**EXERCISE REQUIREMENTS:**
Nothing but the lines from the top of the records through the line with "#697 = LINE ( 'NONE', #12187, #13888 ) ;" should be returned, exactly, and without pictures.
- - - - -
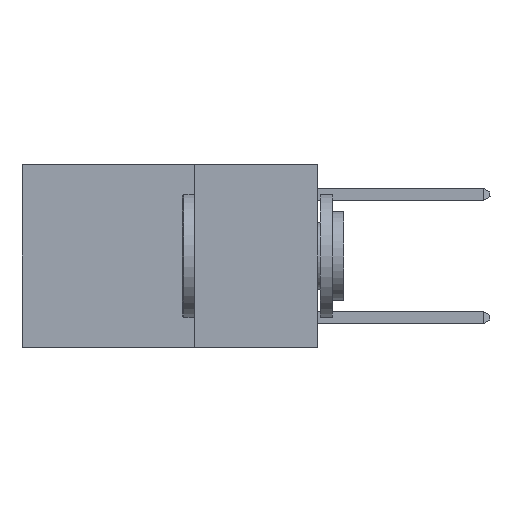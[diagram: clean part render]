
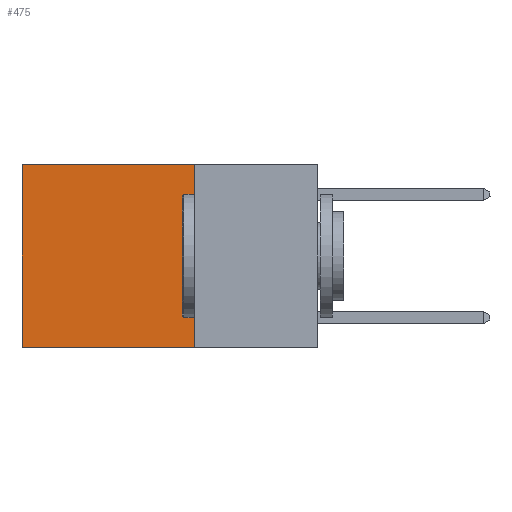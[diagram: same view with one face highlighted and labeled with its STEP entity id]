
A CAD part, left-side view. The second image highlights one B-rep face of the part: STEP entity #475.
In plain terms, the highlighted planar face has unit normal (-1, 0, 0).
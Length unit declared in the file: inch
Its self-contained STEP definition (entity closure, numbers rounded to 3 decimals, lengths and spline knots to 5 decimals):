
#228 = CARTESIAN_POINT ( 'NONE',  ( 0.2625, 0.25, 0. ) ) ;
#475 = ADVANCED_FACE ( 'NONE', ( #14536 ), #14833, .F. ) ;
#697 = LINE ( 'NONE', #12187, #13888 ) ;
#1490 = DIRECTION ( 'NONE',  ( 0., 0., -1. ) ) ;
#2192 = ORIENTED_EDGE ( 'NONE', *, *, #13976, .F. ) ;
#2822 = VERTEX_POINT ( 'NONE', #14434 ) ;
#3182 = EDGE_CURVE ( 'NONE', #2822, #8188, #697, .T. ) ;
#4000 = ORIENTED_EDGE ( 'NONE', *, *, #5133, .F. ) ;
#4262 = DIRECTION ( 'NONE',  ( 0., 0., -1. ) ) ;
#5133 = EDGE_CURVE ( 'NONE', #11441, #8188, #13143, .T. ) ;
#5374 = VECTOR ( 'NONE', #4262, 39.37008 ) ;
#5726 = CARTESIAN_POINT ( 'NONE',  ( 0.2625, 0.25, -0.37 ) ) ;
#6150 = DIRECTION ( 'NONE',  ( 0., 1., 0. ) ) ;
#7008 = EDGE_LOOP ( 'NONE', ( #9801, #4000, #2192, #17927 ) ) ;
#7226 = CARTESIAN_POINT ( 'NONE',  ( 0.2625, 0.25, 0. ) ) ;
#7785 = DIRECTION ( 'NONE',  ( 0., 0., -1. ) ) ;
#8188 = VERTEX_POINT ( 'NONE', #17147 ) ;
#8524 = CARTESIAN_POINT ( 'NONE',  ( 0.2625, 0.25, 0. ) ) ;
#9801 = ORIENTED_EDGE ( 'NONE', *, *, #3182, .T. ) ;
#10202 = DIRECTION ( 'NONE',  ( 0., 1., 0. ) ) ;
#10258 = VECTOR ( 'NONE', #10202, 39.37008 ) ;
#11434 = EDGE_CURVE ( 'NONE', #18386, #2822, #13573, .T. ) ;
#11441 = VERTEX_POINT ( 'NONE', #13203 ) ;
#11677 = LINE ( 'NONE', #17619, #5374 ) ;
#12187 = CARTESIAN_POINT ( 'NONE',  ( 0.2625, 0.6, 0. ) ) ;
#13139 = VECTOR ( 'NONE', #6150, 39.37008 ) ;
#13143 = LINE ( 'NONE', #5726, #10258 ) ;
#13203 = CARTESIAN_POINT ( 'NONE',  ( 0.2625, 0.25, -0.37 ) ) ;
#13573 = LINE ( 'NONE', #228, #13139 ) ;
#13888 = VECTOR ( 'NONE', #7785, 39.37008 ) ;
#13976 = EDGE_CURVE ( 'NONE', #18386, #11441, #11677, .T. ) ;
#14183 = AXIS2_PLACEMENT_3D ( 'NONE', #7226, #19175, #1490 ) ;
#14434 = CARTESIAN_POINT ( 'NONE',  ( 0.2625, 0.6, 0. ) ) ;
#14536 = FACE_OUTER_BOUND ( 'NONE', #7008, .T. ) ;
#14833 = PLANE ( 'NONE',  #14183 ) ;
#17147 = CARTESIAN_POINT ( 'NONE',  ( 0.2625, 0.6, -0.37 ) ) ;
#17619 = CARTESIAN_POINT ( 'NONE',  ( 0.2625, 0.25, 0. ) ) ;
#17927 = ORIENTED_EDGE ( 'NONE', *, *, #11434, .T. ) ;
#18386 = VERTEX_POINT ( 'NONE', #8524 ) ;
#19175 = DIRECTION ( 'NONE',  ( 1., 0., 0. ) ) ;
- - - - -
**EXERCISE SOLUTION:**
[diagram: clean part render]
[diagram: same view with one face highlighted and labeled with its STEP entity id]
A CAD part, left-side view. The second image highlights one B-rep face of the part: STEP entity #475.
In plain terms, the highlighted planar face has unit normal (-1, 0, 0).
Length unit declared in the file: inch
Its self-contained STEP definition (entity closure, numbers rounded to 3 decimals, lengths and spline knots to 5 decimals):
#228 = CARTESIAN_POINT ( 'NONE',  ( 0.2625, 0.25, 0. ) ) ;
#475 = ADVANCED_FACE ( 'NONE', ( #14536 ), #14833, .F. ) ;
#697 = LINE ( 'NONE', #12187, #13888 ) ;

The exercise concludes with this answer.